== Segment start ==

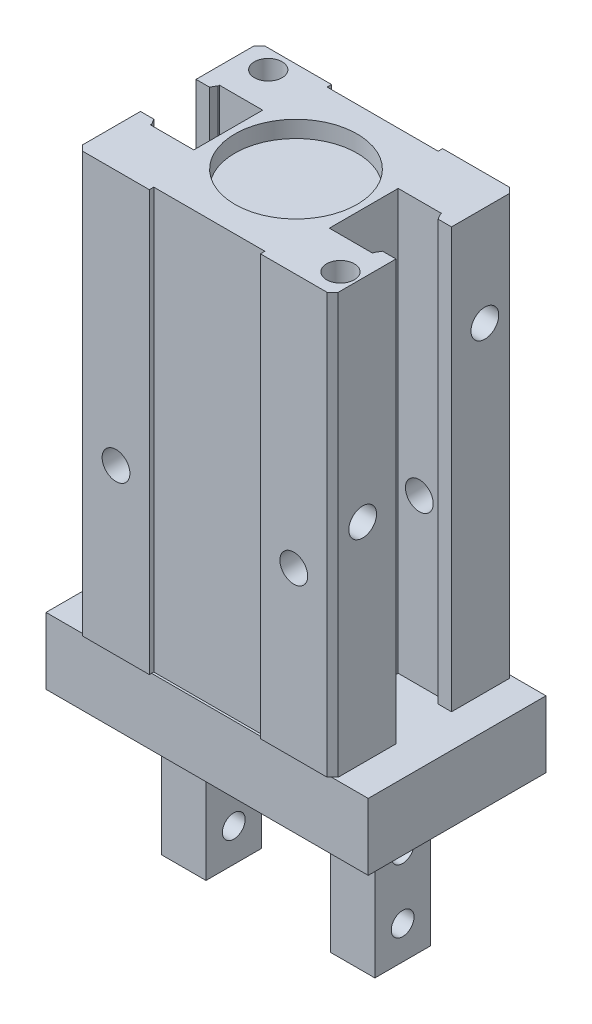
from build123d import *
from OCP.BRepFilletAPI import BRepFilletAPI_MakeChamfer

# Parameters (mm, degrees)
SKETCH_1_W             = 23
SKETCH_1_H             = 37.8
EXTRUDE_1_DEPTH        = 16.4
SKETCH_19_W            = 29
SKETCH_19_H            = 16
EXTRUDE_3_DEPTH        = 6
SKETCH_5_W             = 4
SKETCH_5_H             = 5
EXTRUDE_2_DEPTH        = 13.2
SKETCH_20_W            = 2.9
SKETCH_20_H            = 1.2
SKETCH_20_W_2          = 5.1
EXTRUDE_4_DEPTH        = 5
HOLE_WIZARD_M2_5_1_D   = 2.05
HOLE_WIZARD_M3_6_D     = 2.5
HOLE_WIZARD_M3_6_DEPTH = 7.5
HOLE_WIZARD_M3_6_TIP   = 0.751075774
HOLE_WIZARD_M3_7_D     = 2.5
HOLE_WIZARD_M3_7_DEPTH = 7.5
HOLE_WIZARD_M3_7_TIP   = 0.751075774
HOLE_WIZARD_M3_5_D     = 2.5
SKETCH_15_R            = 5.5
CUT_EXTRUDE_4_DEPTH    = 1.5
HOLE_WIZARD_M3_4_D     = 2.5
HOLE_WIZARD_M3_4_DEPTH = 7.5
HOLE_WIZARD_M3_4_TIP   = 0.751075774
CUT_EXTRUDE_5_REACH    = 66.761
CHAMFER_1_SIZE         = 0.5
CHAMFER_1_SIZE2        = 0.288675135
CHAMFER_2_SIZE         = 0.5
CHAMFER_2_SIZE2        = 0.288675135
SKETCH_25_W            = 10
SKETCH_25_H            = 0.4
CUT_EXTRUDE_6_DEPTH    = 37.8
CHAMFER_3_SIZE         = 0.5


with BuildPart() as part:
    # 草图1 → 拉伸1 (new body)
    with BuildSketch(Plane.XY):
        with Locations((11.5, 18.9)):
            Rectangle(SKETCH_1_W, SKETCH_1_H)
    extrude(amount=EXTRUDE_1_DEPTH)

    # 草图19 → 拉伸3 (add)
    with BuildSketch(Plane.XZ):
        with Locations((11.5, 8.2)):
            Rectangle(SKETCH_19_W, SKETCH_19_H)
    extrude(amount=EXTRUDE_3_DEPTH)

    # 草图5 → 拉伸2 (add)
    with BuildSketch(Plane.XZ.offset(6)):
        with Locations((3.9, 8.2)):
            Rectangle(SKETCH_5_W, SKETCH_5_H)
        with Locations((19.1, 8.2)):
            Rectangle(SKETCH_5_W, SKETCH_5_H)
    extrude(amount=EXTRUDE_2_DEPTH)

    # 草图20 → 拉伸4 (add)
    with BuildSketch(Plane.XY.offset(10.7)):
        with Locations((0.45, -6.6)):
            Rectangle(SKETCH_20_W, SKETCH_20_H)
        with Locations((8.45, -6.6)):
            Rectangle(SKETCH_20_W_2, SKETCH_20_H)
        with Locations((14.55, -6.6)):
            Rectangle(SKETCH_20_W_2, SKETCH_20_H)
        with Locations((22.55, -6.6)):
            Rectangle(SKETCH_20_W, SKETCH_20_H)
    extrude(amount=-EXTRUDE_4_DEPTH)

    # M2.5 螺纹孔1 (through all)
    with Locations(Plane(origin=(21.1, 0, 0), x_dir=(0, 0, -1), z_dir=(1, 0, 0))):
        with Locations((-8.2, -16.2), (-8.2, -10.5)):
            Hole(HOLE_WIZARD_M2_5_1_D / 2)

    # M3 螺纹孔6
    with Locations(Plane(origin=(23, 0, 0), x_dir=(0, 0, -1), z_dir=(1, 0, 0))):
        with Locations((-2.7, 28.8), (-13.7, 18.8)):
            Hole(HOLE_WIZARD_M3_6_D / 2, depth=HOLE_WIZARD_M3_6_DEPTH)
            with Locations((0, 0, -(HOLE_WIZARD_M3_6_DEPTH + HOLE_WIZARD_M3_6_TIP / 2))):  # 118° drill point
                Cone(0, HOLE_WIZARD_M3_6_D / 2, HOLE_WIZARD_M3_6_TIP, mode=Mode.SUBTRACT)

    # M3 螺纹孔7
    with Locations(Plane.ZY):
        with Locations((2.5, 10.8), (13.9, 10.8)):
            Hole(HOLE_WIZARD_M3_7_D / 2, depth=HOLE_WIZARD_M3_7_DEPTH)
            with Locations((0, 0, -(HOLE_WIZARD_M3_7_DEPTH + HOLE_WIZARD_M3_7_TIP / 2))):  # 118° drill point
                Cone(0, HOLE_WIZARD_M3_7_D / 2, HOLE_WIZARD_M3_7_TIP, mode=Mode.SUBTRACT)

    # M3 螺纹孔5 (through all)
    with Locations(Plane.XY.offset(16.4)):
        with Locations((3.5, 14.8), (19.5, 14.8)):
            Hole(HOLE_WIZARD_M3_5_D / 2)

    # 草图15 → 切除-拉伸4 (cut)
    with BuildSketch(Plane(origin=(0, 37.8, 0), x_dir=(1, 0, 0), z_dir=(0, 1, 0))):
        with Locations(Location((11.5, -8.2, 0), (0, 0, 270))):
            Circle(SKETCH_15_R)
    extrude(amount=-CUT_EXTRUDE_4_DEPTH, mode=Mode.SUBTRACT)

    # M3 螺纹孔4
    with Locations(Plane(origin=(0, 37.8, 0), x_dir=(-1, 0, 0), z_dir=(0, 1, 0))):
        with Locations((-2.5, 1.7), (-21.5, 14.2)):
            Hole(HOLE_WIZARD_M3_4_D / 2, depth=HOLE_WIZARD_M3_4_DEPTH)
            with Locations((0, 0, -(HOLE_WIZARD_M3_4_DEPTH + HOLE_WIZARD_M3_4_TIP / 2))):  # 118° drill point
                Cone(0, HOLE_WIZARD_M3_4_D / 2, HOLE_WIZARD_M3_4_TIP, mode=Mode.SUBTRACT)

    # 切除-拉伸5: up to this face of the body (flat: up to its plane)
    cut_extrude_5_end = Plane(part.part.faces().sort_by_distance((-1.5, 0, 8.2))[0])
    # 草图18 → 切除-拉伸5 (cut, up to the picked face)
    with BuildSketch(Plane(origin=(0, 37.8, 0), x_dir=(1, 0, 0), z_dir=(0, 1, 0)), mode=Mode.PRIVATE) as cut_extrude_5_sk1:
        Polygon((23, -10.7), (23, -5.7), (21.5, -5.7), (21.5, -5.1), (17.6, -5.1), (17.6, -11.3), (21.5, -11.3), (21.5, -10.7), align=None)
    cut_extrude_5_tool1 = split(extrude(cut_extrude_5_sk1.sketch, amount=-CUT_EXTRUDE_5_REACH, mode=Mode.PRIVATE), bisect_by=cut_extrude_5_end, keep=Keep.BOTH, mode=Mode.PRIVATE)
    # 草图18 → 切除-拉伸5 (cut, up to the picked face)
    with BuildSketch(Plane(origin=(0, 37.8, 0), x_dir=(1, 0, 0), z_dir=(0, 1, 0)), mode=Mode.PRIVATE) as cut_extrude_5_sk2:
        Polygon((0, -10.7), (1.5, -10.7), (1.5, -11.3), (5.4, -11.3), (5.4, -5.1), (1.5, -5.1), (1.5, -5.7), (0, -5.7), align=None)
    cut_extrude_5_tool2 = split(extrude(cut_extrude_5_sk2.sketch, amount=-CUT_EXTRUDE_5_REACH, mode=Mode.PRIVATE), bisect_by=cut_extrude_5_end, keep=Keep.BOTH, mode=Mode.PRIVATE)
    add(cut_extrude_5_tool1.solids().sort_by(Axis((20.189205, 37.8, 8.2), (0, -1, 0)))[0], mode=Mode.SUBTRACT)
    add(cut_extrude_5_tool2.solids().sort_by(Axis((2.810795, 37.8, 8.2), (0, -1, 0)))[0], mode=Mode.SUBTRACT)

    # 倒角1: one chamfer whose edges measure the first distance from different faces: ONE call of the kernel's chamfer builder (chamfer() names one face for all edges)
    chamfer_1_edges_1 = [part.edges().sort_by_distance(p)[0] for p in [
        (21.5, 18.9, 10.7),
    ]]
    chamfer_1_side_1 = [part.faces().sort_by_distance(p)[0] for p in [
        (21.5, 18.9, 11),
    ]]
    chamfer_1_edges_2 = [part.edges().sort_by_distance(p)[0] for p in [
        (1.5, 18.9, 5.7),
    ]]
    chamfer_1_side_2 = [part.faces().sort_by_distance(p)[0] for p in [
        (1.5, 18.9, 5.4),
    ]]
    chamfer_1 = BRepFilletAPI_MakeChamfer(part.part.solid().wrapped)
    for e in chamfer_1_edges_1:
        chamfer_1.Add(CHAMFER_1_SIZE, CHAMFER_1_SIZE2, e.wrapped, chamfer_1_side_1[0].wrapped)  # the first distance lies on this face
    for e in chamfer_1_edges_2:
        chamfer_1.Add(CHAMFER_1_SIZE, CHAMFER_1_SIZE2, e.wrapped, chamfer_1_side_2[0].wrapped)  # the first distance lies on this face
    add(Compound.cast(chamfer_1.Shape()), mode=Mode.REPLACE)

    # 倒角2: one chamfer whose edges measure the first distance from different faces: ONE call of the kernel's chamfer builder (chamfer() names one face for all edges)
    chamfer_2_edges_1 = [part.edges().sort_by_distance(p)[0] for p in [
        (21.5, 18.9, 5.7),
    ]]
    chamfer_2_side_1 = [part.faces().sort_by_distance(p)[0] for p in [
        (21.5, 18.9, 5.4),
    ]]
    chamfer_2_edges_2 = [part.edges().sort_by_distance(p)[0] for p in [
        (1.5, 18.9, 10.7),
    ]]
    chamfer_2_side_2 = [part.faces().sort_by_distance(p)[0] for p in [
        (1.5, 18.9, 11),
    ]]
    chamfer_2 = BRepFilletAPI_MakeChamfer(part.part.solid().wrapped)
    for e in chamfer_2_edges_1:
        chamfer_2.Add(CHAMFER_2_SIZE, CHAMFER_2_SIZE2, e.wrapped, chamfer_2_side_1[0].wrapped)  # the first distance lies on this face
    for e in chamfer_2_edges_2:
        chamfer_2.Add(CHAMFER_2_SIZE, CHAMFER_2_SIZE2, e.wrapped, chamfer_2_side_2[0].wrapped)  # the first distance lies on this face
    add(Compound.cast(chamfer_2.Shape()), mode=Mode.REPLACE)

    # 草图25 → 切除-拉伸6 (cut)
    with BuildSketch(Plane(origin=(0, 37.8, 0), x_dir=(1, 0, 0), z_dir=(0, 1, 0))):
        with Locations((11.5, -0.2)):
            Rectangle(SKETCH_25_W, SKETCH_25_H)
        with Locations((11.5, -16.2)):
            Rectangle(SKETCH_25_W, SKETCH_25_H)
    extrude(amount=-CUT_EXTRUDE_6_DEPTH, mode=Mode.SUBTRACT)

    # 倒角3
    # the kernel refuses this chamfer: 0.5 mm, written as the material it takes off along each edge
    with BuildSketch(Plane(origin=(23, 0, 16.4), x_dir=(-0.9996219169112968, 0, 0.027495876610589005), z_dir=(0, 1, 0)), Plane(origin=(23, 0, 0), x_dir=(0.02749587661058908, 0, 0.9996219169112968), z_dir=(0, 1, 0))) as chamfer_3_piece_1:
        Polygon((CHAMFER_3_SIZE * 0.999621916911, -CHAMFER_3_SIZE * 0.0274958766106), (-CHAMFER_3_SIZE * 0.0274958766106, -CHAMFER_3_SIZE * 0.999621916911), (0, 0), align=None)
    extrude(amount=39.085841494, mode=Mode.SUBTRACT)
    with BuildSketch(Plane(origin=(0, 39.085841494, 16.4), x_dir=(-0.02749587661058639, 0, -0.9996219169112968), z_dir=(0, -1, 0)), Plane(origin=(0, 39.085841494, 0), x_dir=(0.9996219169112968, 0, -0.027495876610586372), z_dir=(0, -1, 0))) as chamfer_3_piece_2:
        Polygon((CHAMFER_3_SIZE * 0.999621916911, CHAMFER_3_SIZE * 0.0274958766106), (-CHAMFER_3_SIZE * 0.0274958766106, CHAMFER_3_SIZE * 0.999621916911), (0, 0), align=None)
    extrude(amount=39.085841494, mode=Mode.SUBTRACT)


solid = part.part

== Segment end ==

--- Your assignment ---
Take every line from the records above that has the word "split" and copy it.

--- Solution for this exercise ---
    cut_extrude_5_tool1 = split(extrude(cut_extrude_5_sk1.sketch, amount=-CUT_EXTRUDE_5_REACH, mode=Mode.PRIVATE), bisect_by=cut_extrude_5_end, keep=Keep.BOTH, mode=Mode.PRIVATE)
    cut_extrude_5_tool2 = split(extrude(cut_extrude_5_sk2.sketch, amount=-CUT_EXTRUDE_5_REACH, mode=Mode.PRIVATE), bisect_by=cut_extrude_5_end, keep=Keep.BOTH, mode=Mode.PRIVATE)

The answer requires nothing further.